同施設は敷地面積2505・5㎡、延床面積1万2396・64㎡、鉄骨造地上8階建ての店舗、ホテル、駐車場用途の複合施設。
当該地は、大正時代に初めて京都でハイヤーを走らせた現在の彌榮自動車(ヤサカタクシー)が会社設立当時から所有する事業地で、京都を訪れる国賓・公賓などの対応を担うハイヤー事業や観光バス事業など、彌榮自動車の事業を地道に積み重ねてきた土地。
2018年より当該地の活用について本格的にJR西日本不動産開発と彌榮自動車と共同プロジェクトを立ち上げた。
開発コンセプトは「『利便性の向上』×『地域との共生』による地域の活性化」。京都市中心部の交通利便性の高いエリアに位置するとともに、既存のコミュニティが存在するという立地特性を最大限に活かして、京都を訪れる人々の観光やビジネスの拠点として、また周辺住民の生活基盤として便利で快適に利用できる施設を目指す。
また、京都の伝統文化を大切にしたデザインや機能を取り入れ、伝統文化の継承や地域の魅力発信に貢献する。
入居テナントは京都観光やビジネスのニーズに対応できる国内・海外問わず顧客満足度の高いハイグレードな宿泊主体型ホテルを上層階に誘致し、低層階には、周辺に数少ない総菜や生鮮三品を取り揃える大型の食品スーパーを誘致することで周辺住民も日常的に利用できる施設構成とした。

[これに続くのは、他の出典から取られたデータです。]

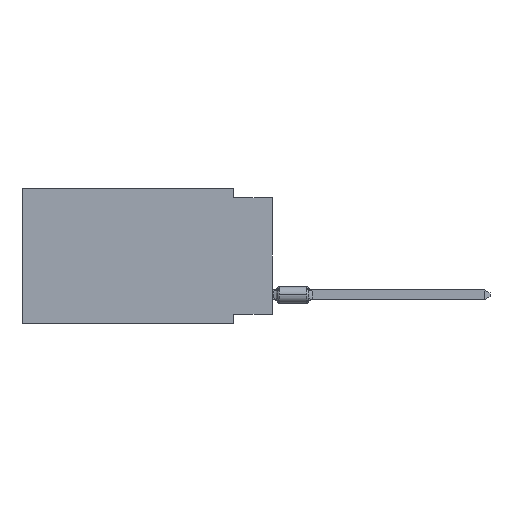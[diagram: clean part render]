
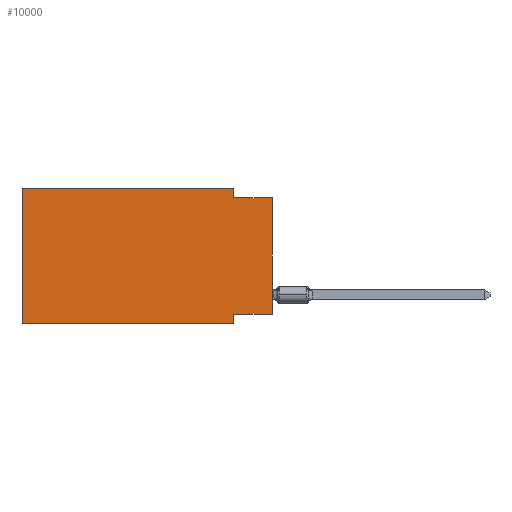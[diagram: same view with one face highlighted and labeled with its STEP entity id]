
A CAD part, left-side view. The second image highlights one B-rep face of the part: STEP entity #10000.
In plain terms, the highlighted planar face has unit normal (-1, 0, 0).
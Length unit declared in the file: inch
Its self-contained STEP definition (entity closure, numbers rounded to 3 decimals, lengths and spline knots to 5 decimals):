
#117 = CARTESIAN_POINT ( 'NONE',  ( 0., 0.645, 0. ) ) ;
#170 = EDGE_CURVE ( 'NONE', #8030, #2057, #592, .T. ) ;
#196 = CARTESIAN_POINT ( 'NONE',  ( 0., 0.645, 0. ) ) ;
#272 = VERTEX_POINT ( 'NONE', #16526 ) ;
#276 = CARTESIAN_POINT ( 'NONE',  ( 0., 0., -0.025 ) ) ;
#592 = LINE ( 'NONE', #16163, #17662 ) ;
#788 = ORIENTED_EDGE ( 'NONE', *, *, #1704, .F. ) ;
#1298 = CARTESIAN_POINT ( 'NONE',  ( 0., 0.1, -0.35 ) ) ;
#1704 = EDGE_CURVE ( 'NONE', #13921, #4736, #11565, .T. ) ;
#2057 = VERTEX_POINT ( 'NONE', #276 ) ;
#2071 = CARTESIAN_POINT ( 'NONE',  ( 0., 0.1, -0.35 ) ) ;
#2440 = ORIENTED_EDGE ( 'NONE', *, *, #15924, .F. ) ;
#2850 = CARTESIAN_POINT ( 'NONE',  ( 0., 0.1, 0. ) ) ;
#2868 = CARTESIAN_POINT ( 'NONE',  ( 0., 0.645, 0. ) ) ;
#3587 = VERTEX_POINT ( 'NONE', #4905 ) ;
#3730 = EDGE_CURVE ( 'NONE', #8164, #3587, #4223, .T. ) ;
#3893 = LINE ( 'NONE', #5461, #13225 ) ;
#4066 = DIRECTION ( 'NONE',  ( 1., 0., 0. ) ) ;
#4150 = DIRECTION ( 'NONE',  ( 0., 0., -1. ) ) ;
#4223 = LINE ( 'NONE', #2850, #9430 ) ;
#4540 = DIRECTION ( 'NONE',  ( 0., 0., -1. ) ) ;
#4613 = CARTESIAN_POINT ( 'NONE',  ( 0., 0.645, -0.35 ) ) ;
#4633 = DIRECTION ( 'NONE',  ( 0., -1., 0. ) ) ;
#4710 = DIRECTION ( 'NONE',  ( 0., 0., 1. ) ) ;
#4736 = VERTEX_POINT ( 'NONE', #14147 ) ;
#4905 = CARTESIAN_POINT ( 'NONE',  ( 0., 0.1, -0.025 ) ) ;
#4968 = ORIENTED_EDGE ( 'NONE', *, *, #17248, .F. ) ;
#5283 = VERTEX_POINT ( 'NONE', #1298 ) ;
#5372 = CARTESIAN_POINT ( 'NONE',  ( 0., 0.645, -0.35 ) ) ;
#5398 = VECTOR ( 'NONE', #8625, 39.37008 ) ;
#5461 = CARTESIAN_POINT ( 'NONE',  ( 0., 0., -0.325 ) ) ;
#5562 = ORIENTED_EDGE ( 'NONE', *, *, #3730, .F. ) ;
#5604 = DIRECTION ( 'NONE',  ( 0., 0., -1. ) ) ;
#6446 = ORIENTED_EDGE ( 'NONE', *, *, #15973, .F. ) ;
#6825 = DIRECTION ( 'NONE',  ( 0., 1., 0. ) ) ;
#8030 = VERTEX_POINT ( 'NONE', #10972 ) ;
#8164 = VERTEX_POINT ( 'NONE', #15532 ) ;
#8268 = PLANE ( 'NONE',  #15692 ) ;
#8481 = EDGE_LOOP ( 'NONE', ( #11147, #6446, #5562, #8855, #788, #16048, #2440, #4968 ) ) ;
#8625 = DIRECTION ( 'NONE',  ( 0., 0., 1. ) ) ;
#8855 = ORIENTED_EDGE ( 'NONE', *, *, #11559, .F. ) ;
#9430 = VECTOR ( 'NONE', #5604, 39.37008 ) ;
#10000 = ADVANCED_FACE ( 'NONE', ( #12393 ), #8268, .F. ) ;
#10200 = DIRECTION ( 'NONE',  ( 0., -1., 0. ) ) ;
#10972 = CARTESIAN_POINT ( 'NONE',  ( 0., 0., -0.325 ) ) ;
#11147 = ORIENTED_EDGE ( 'NONE', *, *, #170, .T. ) ;
#11559 = EDGE_CURVE ( 'NONE', #4736, #8164, #14022, .T. ) ;
#11565 = LINE ( 'NONE', #117, #5398 ) ;
#11696 = VECTOR ( 'NONE', #4633, 39.37008 ) ;
#12393 = FACE_OUTER_BOUND ( 'NONE', #8481, .T. ) ;
#12457 = VECTOR ( 'NONE', #14372, 39.37008 ) ;
#13225 = VECTOR ( 'NONE', #6825, 39.37008 ) ;
#13921 = VERTEX_POINT ( 'NONE', #5372 ) ;
#14022 = LINE ( 'NONE', #196, #12457 ) ;
#14147 = CARTESIAN_POINT ( 'NONE',  ( 0., 0.645, 0. ) ) ;
#14372 = DIRECTION ( 'NONE',  ( 0., -1., 0. ) ) ;
#14417 = CARTESIAN_POINT ( 'NONE',  ( 0., 0., -0.025 ) ) ;
#15532 = CARTESIAN_POINT ( 'NONE',  ( 0., 0.1, 0. ) ) ;
#15692 = AXIS2_PLACEMENT_3D ( 'NONE', #2868, #4066, #4150 ) ;
#15793 = VECTOR ( 'NONE', #4540, 39.37008 ) ;
#15924 = EDGE_CURVE ( 'NONE', #272, #5283, #17367, .T. ) ;
#15973 = EDGE_CURVE ( 'NONE', #3587, #2057, #17096, .T. ) ;
#16048 = ORIENTED_EDGE ( 'NONE', *, *, #17592, .T. ) ;
#16163 = CARTESIAN_POINT ( 'NONE',  ( 0., 0., 0. ) ) ;
#16526 = CARTESIAN_POINT ( 'NONE',  ( 0., 0.1, -0.325 ) ) ;
#16759 = VECTOR ( 'NONE', #10200, 39.37008 ) ;
#17096 = LINE ( 'NONE', #14417, #11696 ) ;
#17163 = LINE ( 'NONE', #4613, #16759 ) ;
#17248 = EDGE_CURVE ( 'NONE', #8030, #272, #3893, .T. ) ;
#17367 = LINE ( 'NONE', #2071, #15793 ) ;
#17592 = EDGE_CURVE ( 'NONE', #13921, #5283, #17163, .T. ) ;
#17662 = VECTOR ( 'NONE', #4710, 39.37008 ) ;

四条通に面した同ビルの外観は、祇園祭の山鉾町で屏風祭などがおこなわれる地域性を取り入れ、「ガラスの屏風」をイメージした先進的なデザインとした。祇園祭の時期には同施設の目の前に「四条傘鉾」が建ち、伝統的な鉾と先進的な屏風の協奏を地域に発信する。また、奥深い京都らしい敷地形状を活かし、奥に進む行為が心地のよい空間体験になることを目指した設計を基本方針としている。
同施設3階に位置するホテルのロビーには、見る角度や眺める場所により、“季節のうつろい”を感じることができる庭園を配置。同庭園は全面ガラスとし、エレベーターホールから出てすぐに約60mの奥行きの庭園が一望できホテルのロビーに訪れた瞬間から来訪者に非日常的な空間に誘う設計としている。
また、同庭園の設計においては、植治次期十二代小川勝章氏監修のもと「十緑十色―うつろいの庭」と題し、来訪者の見る季節や時間によって表情が異なる一期一会の世界観を大切にして樹種の選定、配置を設計している。